Background: The accomplishment of the various genome sequencing projects resulted in accumulation of massive amount of gene sequence information. This calls for a large-scale computational method for predicting protein localization from sequence. The protein localization can provide valuable information about its molecular function, as well as the biological pathway in which it participates. The prediction of localization of a protein at subnuclear level is a challenging task. In our previous work we proposed an SVM-based system using protein sequence information for this prediction task.
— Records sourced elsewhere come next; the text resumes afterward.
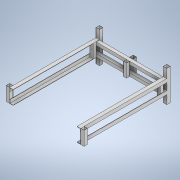
# Autodesk Inventor part: SoporteBobina
Saved by Autodesk Inventor 2020 (Build 240168000, 168)
## iProperties
Created: 2022-03-21
Part Number: SoporteBobina
Material: Genérico
Document SubType Name: Modeling
Designer: aarco
Density: 1 g/cm^3
Appearance: Valor por defecto
Mass: 5204.36 g
Surface Area: 21062.3 cm^2
Volume: 5204.36 cm^3
Author: aarco
Autodesk Inventor part; units mm, degrees
ref_plane "YZ Plane" through (0, 0, 0) normal (1, 0, 0) x (0, 1, 0)
ref_plane "XZ Plane" through (0, 0, 0) normal (0, 1, 0) x (-1, 0, 0)
ref_plane "XY Plane" through (0, 0, 0) normal (0, 0, 1) x (1, 0, 0)
sketch "Boceto1" plane through (0, 0, 0) normal (0, 0, 1) x (1, 0, 0)
  line L0 (0, 0) -> (-828.6689, 0) construction
  line L1 (0, 0) -> (821.843, 0) construction
  line L2 (-400, 150) -> (400, 150) construction
  line L3 (400, 150) -> (400, 0) construction
  line L4 (400, 0) -> (-400, 0) construction
  line L5 (-400, 0) -> (-400, 150) construction
  line L6 (0, 0) -> (0, 380.6015) construction
  line L7 (-404, 36) -> (-404, -4) construction
  line L8 (-404, -4) -> (-364, -4)
  line L9 (-364, -4) -> (-364, 0)
  line L10 (-364, 0) -> (-400, 0)
  line L11 (-400, 36) -> (-400, 0)
  line L12 (-404, 36) -> (-400, 36)
  line L13 (-404, -4) -> (-444, -4)
  line L14 (-444, -4) -> (-444, 36)
  line L15 (-444, 36) -> (-404, 36)
  line L16 (-404, 36) -> (-404, -4) construction
  line L17 (-442, 34) -> (-406, 34)
  line L18 (-406, 34) -> (-406, -2)
  line L19 (-406, -2) -> (-442, -2)
  line L20 (-442, -2) -> (-442, 34)
  line L21 (-424, 34) -> (-424, 36) construction
  line L22 (-442, 16) -> (-444, 16) construction
  line L23 (0, 0) -> (828.6689, 0) construction
  line L24 (0, 0) -> (-821.843, 0) construction
  line L25 (-400, 0) -> (400, 0) construction
  line L26 (404, 36) -> (404, -4) construction
  line L27 (404, -4) -> (364, -4)
  line L28 (364, -4) -> (364, 0)
  line L29 (364, 0) -> (400, 0)
  line L30 (400, 36) -> (400, 0)
  line L31 (404, 36) -> (400, 36)
  line L32 (404, -4) -> (444, -4)
  line L33 (444, -4) -> (444, 36)
  line L34 (444, 36) -> (404, 36)
  line L35 (404, 36) -> (404, -4) construction
  line L36 (442, 34) -> (406, 34)
  line L37 (406, 34) -> (406, -2)
  line L38 (406, -2) -> (442, -2)
  line L39 (442, -2) -> (442, 34)
  line L40 (424, 34) -> (424, 36) construction
  line L41 (442, 16) -> (444, 16) construction
  line L42 (400, 75) -> (-400, 75) construction
  line L43 (0, 150) -> (-828.6689, 150) construction
  line L44 (0, 150) -> (821.843, 150) construction
  line L45 (400, 150) -> (-400, 150) construction
  line L46 (0, 150) -> (0, -230.6015) construction
  line L47 (-404, 114) -> (-404, 154) construction
  line L48 (-404, 154) -> (-364, 154)
  line L49 (-364, 154) -> (-364, 150)
  line L50 (-364, 150) -> (-400, 150)
  line L51 (-400, 114) -> (-400, 150)
  line L52 (-404, 114) -> (-400, 114)
  line L53 (-404, 154) -> (-444, 154)
  line L54 (-444, 154) -> (-444, 114)
  line L55 (-444, 114) -> (-404, 114)
  line L56 (-404, 114) -> (-404, 154) construction
  line L57 (-442, 116) -> (-406, 116)
  line L58 (-406, 116) -> (-406, 152)
  line L59 (-406, 152) -> (-442, 152)
  line L60 (-442, 152) -> (-442, 116)
  line L61 (-424, 116) -> (-424, 114) construction
  line L62 (-442, 134) -> (-444, 134) construction
  line L63 (-400, 150) -> (400, 150) construction
  line L64 (364, 150) -> (400, 150)
  line L65 (364, 154) -> (364, 150)
  line L66 (404, 154) -> (364, 154)
  line L67 (0, 150) -> (828.6689, 150) construction
  line L68 (400, 114) -> (400, 150)
  line L69 (404, 114) -> (400, 114)
  line L70 (404, 114) -> (404, 154) construction
  line L71 (404, 114) -> (404, 154) construction
  line L72 (406, 116) -> (406, 152)
  line L73 (424, 116) -> (424, 114) construction
  line L74 (406, 152) -> (442, 152)
  line L75 (404, 154) -> (444, 154)
  line L76 (442, 152) -> (442, 116)
  line L77 (444, 154) -> (444, 114)
  line L78 (442, 134) -> (444, 134) construction
  line L79 (442, 116) -> (406, 116)
  line L80 (444, 114) -> (404, 114)
  line L81 (0, 150) -> (-821.843, 150) construction
  dimension "d0" = 800
  dimension "d1" = 150
  dimension "d3" = 4
  dimension "d5" = 40
  dimension "d7" = 40
  dimension "d8" = 2
  constraints: 164 end point, 60 symmetric about line, 12 perpendicular, 9 point on line, 6 midpoint, 6 parallel, 5 horizontal, 2 collinear, 2 vertical
  measures "d0" distance of L2.start L2.end
  measures "d1" distance of L4.end L2.start
  measures "d3" distance of L8.end L9.end
  measures "d5" distance between parallel lines of L8 L12
  measures "d7" distance of L13.end L14.end
  measures "d8" distance of L21.start L21.end
extrude "Extrusión1" add sketch "Boceto1" along normal blind 904
sketch "Boceto2" plane through (-400, 0, 0) normal (1, 0, 0) x (0, 0, -1)
  line L0 (0, 0) -> (0, 36) projected
  line L1 (0, 36) -> (-904, 36) projected
  line L2 (-904, 0) -> (-904, 36) projected
  line L3 (0, 0) -> (-904, 0) projected
  line L4 (0, 0) -> (0, 36) projected
  line L5 (0, 36) -> (-904, 36) projected
  line L6 (0, 0) -> (-36, 0)
  line L7 (-36, 0) -> (-36, 36)
  line L8 (-36, 36) -> (0, 36)
  line L9 (0, 36) -> (0, 0)
  line L10 (0, 114) -> (-904, 114) projected
  line L11 (0, 114) -> (-36, 114)
  line L12 (-36, 114) -> (-36, 150)
  line L13 (-36, 150) -> (0, 150)
  line L14 (0, 150) -> (0, 114)
  line L15 (0, 150) -> (-904, 150) projected
  constraints: 16 end point, 4 parallel, 4 perpendicular, 2 horizontal, 2 point on line
extrude "Extrusión2" add sketch "Boceto2" along normal up to next contours L3 L7 L1 L0 | L10 L12 L13 L14
sketch "Boceto10" plane through (0, 0, 904) normal (0, 0, 1) x (1, 0, 0)
  line L0 (-400, 114) -> (-400, 150) projected
  line L1 (-400, 150) -> (-364, 150) projected
  line L2 (-364, 150) -> (-364, 154) projected
  line L3 (-364, 154) -> (-444, 154) projected
  line L4 (-444, 154) -> (-444, 114) projected
  line L5 (-444, 114) -> (-400, 114) projected
  line L6 (-442, 152) -> (-406, 152) projected
  line L7 (-406, 152) -> (-406, 116) projected
  line L8 (-406, 116) -> (-442, 116) projected
  line L9 (-442, 116) -> (-442, 152) projected
  line L10 (-400, 36) -> (-444, 36) projected
  line L11 (-444, 36) -> (-444, -4) projected
  line L12 (-444, -4) -> (-364, -4) projected
  line L13 (-364, -4) -> (-364, 0) projected
  line L14 (-364, 0) -> (-400, 0) projected
  line L15 (-400, 0) -> (-400, 36) projected
  line L16 (-442, -2) -> (-442, 34) projected
  line L17 (-442, 34) -> (-406, 34) projected
  line L18 (-406, 34) -> (-406, -2) projected
  line L19 (-406, -2) -> (-442, -2) projected
  line L20 (400, 114) -> (444, 114) projected
  line L21 (444, 114) -> (444, 154) projected
  line L22 (444, 154) -> (364, 154) projected
  line L23 (364, 154) -> (364, 150) projected
  line L24 (364, 150) -> (400, 150) projected
  line L25 (400, 150) -> (400, 114) projected
  line L26 (442, 152) -> (442, 116) projected
  line L27 (442, 116) -> (406, 116) projected
  line L28 (406, 116) -> (406, 152) projected
  line L29 (406, 152) -> (442, 152) projected
  line L30 (400, 36) -> (400, 0) projected
  line L31 (400, 0) -> (364, 0) projected
  line L32 (364, 0) -> (364, -4) projected
  line L33 (364, -4) -> (444, -4) projected
  line L34 (444, -4) -> (444, 36) projected
  line L35 (444, 36) -> (400, 36) projected
  line L36 (442, 34) -> (442, -2) projected
  line L37 (442, -2) -> (406, -2) projected
  line L38 (406, -2) -> (406, 34) projected
  line L39 (406, 34) -> (442, 34) projected
  line L40 (-364, 154) -> (-444, 154) projected
  line L41 (-404, 154) -> (-404, -4)
  line L42 (-444, -4) -> (-364, -4) projected
  line L43 (404, -4) -> (404, 154)
  line L44 (444, 154) -> (364, 154) projected
  point P0 (0, 0)
  point P1 (404, 114)
  point P2 (404, 36)
  point P3 (-404, 114)
  point P4 (-404, -4)
  point P5 (-404, 36)
  dimension "d36" = 2
  dimension "d37" = 2
  constraints: 4 end point, 3 midpoint, 1 perpendicular, 1 vertical
  measures "d36" distance between parallel lines of L18 L41
  measures "d37" distance between parallel lines of L43 L28
extrude "Extrusión5" add sketch "Boceto10" along normal blind 40 contours L5 L4 L3 L41 | L41 L12 L11 L10 | L43 L22 L21 L20 | L35 L34 L33 L43
sketch "Boceto15" plane through (-444, -4, 0) normal (0, -1, 0) x (1, 0, 0)
  line L0 (0, 0) -> (0, 944) projected
  line L1 (0, 0) -> (80, 0)
  line L2 (808, 0) -> (808, -40)
  line L3 (808, -40) -> (848, -40)
  line L4 (810, -2) -> (846, -2)
  line L5 (846, -2) -> (846, -38)
  line L6 (846, -38) -> (810, -38)
  line L7 (810, -38) -> (810, -2)
  line L8 (808, -20) -> (810, -20) construction
  line L9 (828, -38) -> (828, -40) construction
  line L10 (424, 0) -> (464, 0)
  line L11 (464, 0) -> (464, -40)
  line L12 (464, -40) -> (424, -40)
  line L13 (424, -40) -> (424, 0)
  line L14 (426, -2) -> (462, -2)
  line L15 (462, -2) -> (462, -38)
  line L16 (462, -38) -> (426, -38)
  line L17 (426, -38) -> (426, -2)
  line L18 (424, -20) -> (426, -20) construction
  line L19 (444, -38) -> (444, -40) construction
  line L20 (80, 0) -> (0, 0) projected
  line L21 (0, 0) -> (80, 0) projected
  line L22 (80, 0) -> (40, 0)
  line L23 (40, 0) -> (40, -40)
  line L24 (40, -40) -> (80, -40)
  line L25 (80, -40) -> (80, 0)
  line L26 (42, -2) -> (78, -2)
  line L27 (78, -2) -> (78, -38)
  line L28 (78, -38) -> (42, -38)
  line L29 (42, -38) -> (42, -2)
  line L30 (42, -20) -> (40, -20)
  line L31 (60, -38) -> (60, -40)
  line L32 (848, -40) -> (848, 0)
  line L33 (80, 0) -> (808, 0) projected
  line L34 (888, 0) -> (808, 0) projected
  point P0 (444, 0)
  point P1 (444, 0)
  dimension "d48" = 2
  dimension "d51" = 2
  dimension "d52" = 40
  dimension "d82" = 2
  dimension "d83" = 40
  dimension "d84" = 40
  constraints: 60 end point, 18 perpendicular, 14 midpoint, 10 parallel, 6 horizontal, 1 coincident, 1 vertical
  measures "d48" distance between parallel lines of L2 L7
  measures "d51" distance of L18.start L18.end
  measures "d52" distance of L12.end L10.start
  measures "d82" distance of L30.start L30.end
  measures "d83" distance of L22.end L23.end
  measures "d84" distance of L32.end L3.end
extrude "Extrusión8" add sketch "Boceto15" against normal up to surface (158 mm away) contours L1 L25 L24 L31 L28 L27 L26 L29 L30 L23 | L30 L29 L28 L31 L24 L23 | L34 L32 L3 L2 | L10 L11 L12 L13
sketch "Boceto16" plane through (-364, -4, 0) normal (0, -1, 0) x (1, 0, 0)
  line L0 (-80, 0) -> (-40, 0) projected
  line L1 (-40, 904) -> (0, 904) projected
  line L2 (-40, 904) -> (-40, 944) projected
  line L3 (-80, 944) -> (-40, 944) projected
  line L4 (-80, 0) -> (-80, 944) projected
  line L5 (768, 0) -> (808, 0) projected
  line L6 (808, 0) -> (808, 944) projected
  line L7 (768, 944) -> (808, 944) projected
  line L8 (768, 904) -> (768, 944) projected
  line L9 (728, 904) -> (768, 904) projected
  line L10 (0, -40) -> (0, 904) projected
  line L11 (-40, 0) -> (-40, -40) projected
  line L12 (-38, -38) -> (-38, -2) projected
  line L13 (-38, -2) -> (-2, -2) projected
  line L14 (-2, -2) -> (-2, -38) projected
  line L15 (-2, -38) -> (-38, -38) projected
  line L16 (-40, -40) -> (0, -40) projected
  line L17 (-40, 0) -> (0, 0)
  line L18 (728, -40) -> (728, 904) projected
  line L19 (728, -40) -> (768, -40) projected
  line L20 (768, -40) -> (768, 0) projected
  line L21 (808, 0) -> (768, 0) projected
  line L22 (728, 0) -> (768, 0) projected
  line L23 (768, 0) -> (728, 0)
  line L24 (730, -2) -> (766, -2) projected
  line L25 (730, -38) -> (730, -2) projected
  line L26 (766, -2) -> (766, -38) projected
  line L27 (766, -38) -> (730, -38) projected
  point P0 (364, 0)
  constraints: 4 end point, 2 horizontal
extrude "Extrusión9" add sketch "Boceto16" along normal blind 100 contours L17 L10 L16 L11 | L20 L19 L18 L22
sketch "Boceto18" plane through (-400, 150, 904) normal (0, -1, 0) x (1, 0, 0)
  line L0 (0, -868) -> (0, 0) projected
  line L1 (36, -868) -> (36, 0) projected
  line L2 (0, -868) -> (36, -868)
  line L3 (36, -868) -> (36, -832)
  line L4 (36, -832) -> (0, -832)
  line L5 (0, -832) -> (0, -868)
  line L6 (764, -868) -> (800, -868) projected
  line L7 (764, -868) -> (764, 0) projected
  line L8 (800, -868) -> (764, -868)
  line L9 (764, -868) -> (764, -832)
  line L10 (764, -832) -> (800, -832)
  line L11 (800, -832) -> (800, -868)
  line L12 (36, -868) -> (764, -868) projected
  line L13 (382, -868) -> (418, -868)
  line L14 (418, -868) -> (418, -832)
  line L15 (418, -832) -> (382, -832)
  line L16 (382, -832) -> (382, -868)
  line L17 (384, -834) -> (416, -834)
  line L18 (416, -834) -> (416, -866)
  line L19 (416, -866) -> (384, -866)
  line L20 (384, -866) -> (384, -834)
  line L21 (400, -832) -> (400, -834) construction
  line L22 (384, -850) -> (382, -850) construction
  point P0 (400, -904)
  point P1 (400, -868)
  point P2 (0, -832)
  dimension "d55" = 2
  constraints: 36 end point, 9 perpendicular, 8 parallel, 6 midpoint, 5 point on line, 4 horizontal
  measures "d55" distance of L21.start L21.end
extrude "Extrusión10" add sketch "Boceto18" along normal up to surface (150 mm away)
sketch "Boceto19" plane through (364, 154, 904) normal (0, 1, 0) x (1, 0, 0)
  line L0 (80, 904) -> (40, 904) projected
  line L1 (0, 944) -> (0, 0) projected
  line L2 (40, 0) -> (0, 0) projected
  line L3 (40, 0) -> (40, -40) projected
  line L4 (80, -40) -> (40, -40) projected
  line L5 (80, 904) -> (80, -40) projected
  line L6 (-764, 868) -> (-728, 868) projected
  line L7 (-768, 904) -> (-808, 904) projected
  line L8 (-728, 944) -> (-728, 0) projected
  line L9 (-768, -40) -> (-808, -40) projected
  line L10 (-768, 0) -> (-768, -40) projected
  line L11 (-728, 0) -> (-768, 0) projected
  line L12 (-808, 904) -> (-808, -40) projected
  line L13 (-768, 944) -> (-728, 944) projected
  line L14 (-730, 942) -> (-766, 942) projected
  line L15 (-730, 906) -> (-730, 942) projected
  line L16 (-766, 906) -> (-730, 906) projected
  line L17 (-766, 942) -> (-766, 906) projected
  line L18 (-768, 904) -> (-768, 944) projected
  line L19 (-768, 904) -> (-808, 904) projected
  line L20 (-768, 904) -> (-728, 904) projected
  line L21 (-768, 904) -> (-728, 904)
  line L22 (38, 906) -> (38, 942) projected
  line L23 (2, 906) -> (38, 906) projected
  line L24 (2, 942) -> (2, 906) projected
  line L25 (38, 942) -> (2, 942) projected
  line L26 (0, 944) -> (0, 0) projected
  line L27 (40, 944) -> (40, 904) projected
  line L28 (0, 944) -> (40, 944) projected
  line L29 (40, 944) -> (40, 904) projected
  line L30 (0, 944) -> (40, 944) projected
  line L31 (80, 904) -> (40, 904) projected
  line L32 (40, 0) -> (0, 0) projected
  line L33 (40, 0) -> (40, -40) projected
  line L34 (80, -40) -> (40, -40) projected
  line L35 (80, 904) -> (80, -40) projected
  line L36 (-344, 904) -> (0, 904) projected
  line L37 (40, 904) -> (0, 904)
  point P0 (-364, 904)
  constraints: 4 end point, 1 collinear, 1 horizontal, 1 point on line
extrude "Extrusión11" add sketch "Boceto19" along normal blind 100 contours L37 L1 L28 L27 | L18 L13 L8 L20
sketch "Boceto22" plane through (364, 154, 904) normal (0, 1, 0) x (1, 0, 0)
  line L0 (40, -40) -> (80, -40) projected
  line L1 (80, -40) -> (40, -40)
  line L2 (40, -40) -> (40, -80)
  line L3 (40, -80) -> (80, -80)
  line L4 (80, -80) -> (80, -40)
  line L5 (-808, -40) -> (-768, -40)
  line L6 (-768, -40) -> (-768, -80)
  line L7 (-768, -80) -> (-808, -80)
  line L8 (-808, -80) -> (-808, -40)
  line L9 (78, -78) -> (42, -78)
  line L10 (42, -78) -> (42, -42)
  line L11 (42, -42) -> (78, -42)
  line L12 (78, -42) -> (78, -78)
  line L13 (60, -78) -> (60, -80) construction
  line L14 (78, -60) -> (80, -60) construction
  line L15 (-770, -78) -> (-806, -78)
  line L16 (-806, -78) -> (-806, -42)
  line L17 (-806, -42) -> (-770, -42)
  line L18 (-770, -42) -> (-770, -78)
  line L19 (-788, -78) -> (-788, -80) construction
  line L20 (-770, -60) -> (-768, -60) construction
  point P0 (-364, 904)
  dimension "d70" = 40
  dimension "d71" = 2
  dimension "d72" = 2
  constraints: 40 end point, 12 perpendicular, 8 midpoint, 8 parallel, 4 horizontal, 1 coincident
  measures "d70" distance of L2.end L3.end
  measures "d71" distance between parallel lines of L8 L16
  measures "d72" distance between parallel lines of L4 L12
extrude "Extrusión13" add sketch "Boceto22" against normal up to surface (158 mm away)
sketch "Boceto23" plane through (0, 0, 904) normal (0, 0, 1) x (1, 0, 0)
  line L0 (-404, 154) -> (-404, 114) projected
  line L1 (-404, 114) -> (-400, 114) projected
  line L2 (-400, 114) -> (-400, 150) projected
  line L3 (-400, 150) -> (-364, 150) projected
  line L4 (-364, 150) -> (-364, 154) projected
  line L5 (-404, 36) -> (-404, -4) projected
  line L6 (-364, -4) -> (-364, 0) projected
  line L7 (-364, 0) -> (-400, 0) projected
  line L8 (-400, 0) -> (-400, 36) projected
  line L9 (-400, 36) -> (-404, 36) projected
  line L10 (404, 114) -> (404, 154) projected
  line L11 (364, 154) -> (364, 150) projected
  line L12 (364, 150) -> (400, 150) projected
  line L13 (400, 150) -> (400, 114) projected
  line L14 (400, 114) -> (404, 114) projected
  line L15 (404, -4) -> (404, 36) projected
  line L16 (404, 36) -> (400, 36) projected
  line L17 (400, 36) -> (400, 0) projected
  line L18 (400, 0) -> (364, 0) projected
  line L19 (364, 0) -> (364, -4) projected
  line L20 (364, -4) -> (404, -4) projected
  line L21 (-364, 154) -> (-404, 154) projected
  line L22 (-404, -4) -> (-364, -4) projected
  line L23 (404, 154) -> (364, 154) projected
  point P0 (0, 0)
extrude "Extrusión14" add sketch "Boceto23" along normal up to surface (80 mm away)
sketch "Boceto24" plane through (-444, -104, 0) normal (-1, 0, 0) x (0, 0, -1)
  line L0 (0, -140) -> (-944, -140) projected
  line L1 (0, -218) -> (-944, -218) projected
  line L2 (-944, -218) -> (-944, -140) projected
  line L3 (-984, -258) -> (-984, -100) projected
  line L4 (0, -258) -> (-984, -258) projected
  line L5 (-944, -218) -> (0, -218)
  line L6 (-944, -218) -> (-944, -140) projected
  line L7 (-944, -140) -> (0, -140)
  line L8 (0, -258) -> (0, -218) projected
  line L9 (-944, -218) -> (-944, -140) projected
  line L10 (-944, -140) -> (-944, -100)
  line L11 (-944, -218) -> (-944, -258)
  line L12 (0, -140) -> (0, -100) projected
  line L13 (0, -100) -> (-984, -100) projected
  point P0 (0, -104)
  point P1 (0, 100)
  point P2 (0, 258)
  point P3 (-775.1193, -140)
  point P4 (0, -218)
  point P5 (-944, -100)
  point P6 (0, -140)
  constraints: 8 end point, 2 point on line, 1 horizontal
extrude "Extrusión15" cut sketch "Boceto24" against normal blind 40 contours L0 L10 L13 L12 | L1 L8 L4 L11
sketch "Boceto25" plane through (444, -104, 0) normal (1, 0, 0) x (0, 0, -1)
  line L0 (-944, 218) -> (-944, 140) projected
  line L1 (0, 258) -> (-984, 258) projected
  line L2 (-944, 258) -> (0, 258)
  line L3 (0, 258) -> (0, 100)
  line L4 (0, 100) -> (-944, 100)
  line L5 (-944, 100) -> (-944, 258)
  point P0 (0, 104)
  point P1 (-944, 218)
  constraints: 8 end point, 2 parallel, 2 point on line, 1 horizontal, 1 perpendicular
extrude "Extrusión16" cut sketch "Boceto25" against normal blind 40

In this work, we assess protein similarity with Gene Ontology (GO) and then improve the performance of the system by adding a module of nearest neighbor classifier using a similarity measure derived from the GO annotation terms for protein sequences.
Results: The performance of the new system proposed here was compared with our previous system using a set of proteins resided within 6 localizations collected from the Nuclear Protein Database (NPD). The overall MCC (accuracy) is elevated from 0.284 (50.0%) to 0.519 (66.5%) for single-localization proteins in leave-one-out cross-validation; and from 0.420 (65.2%) to 0.541 (65.2%) for an independent set of multi-localization proteins. The new system is available at http://array.bioengr.uic.edu/subnuclear.htm.
Conclusion: The prediction of protein subnuclear localizations can be largely influenced by various definitions of similarity for a pair of proteins based on different similarity measures of GO terms. Using the sum of similarity scores over the matched GO term pairs for two proteins as the similarity definition produced the best predictive outcome. Substantial improvement in predicting protein subnuclear localizations has been achieved by combining Gene Ontology with sequence information.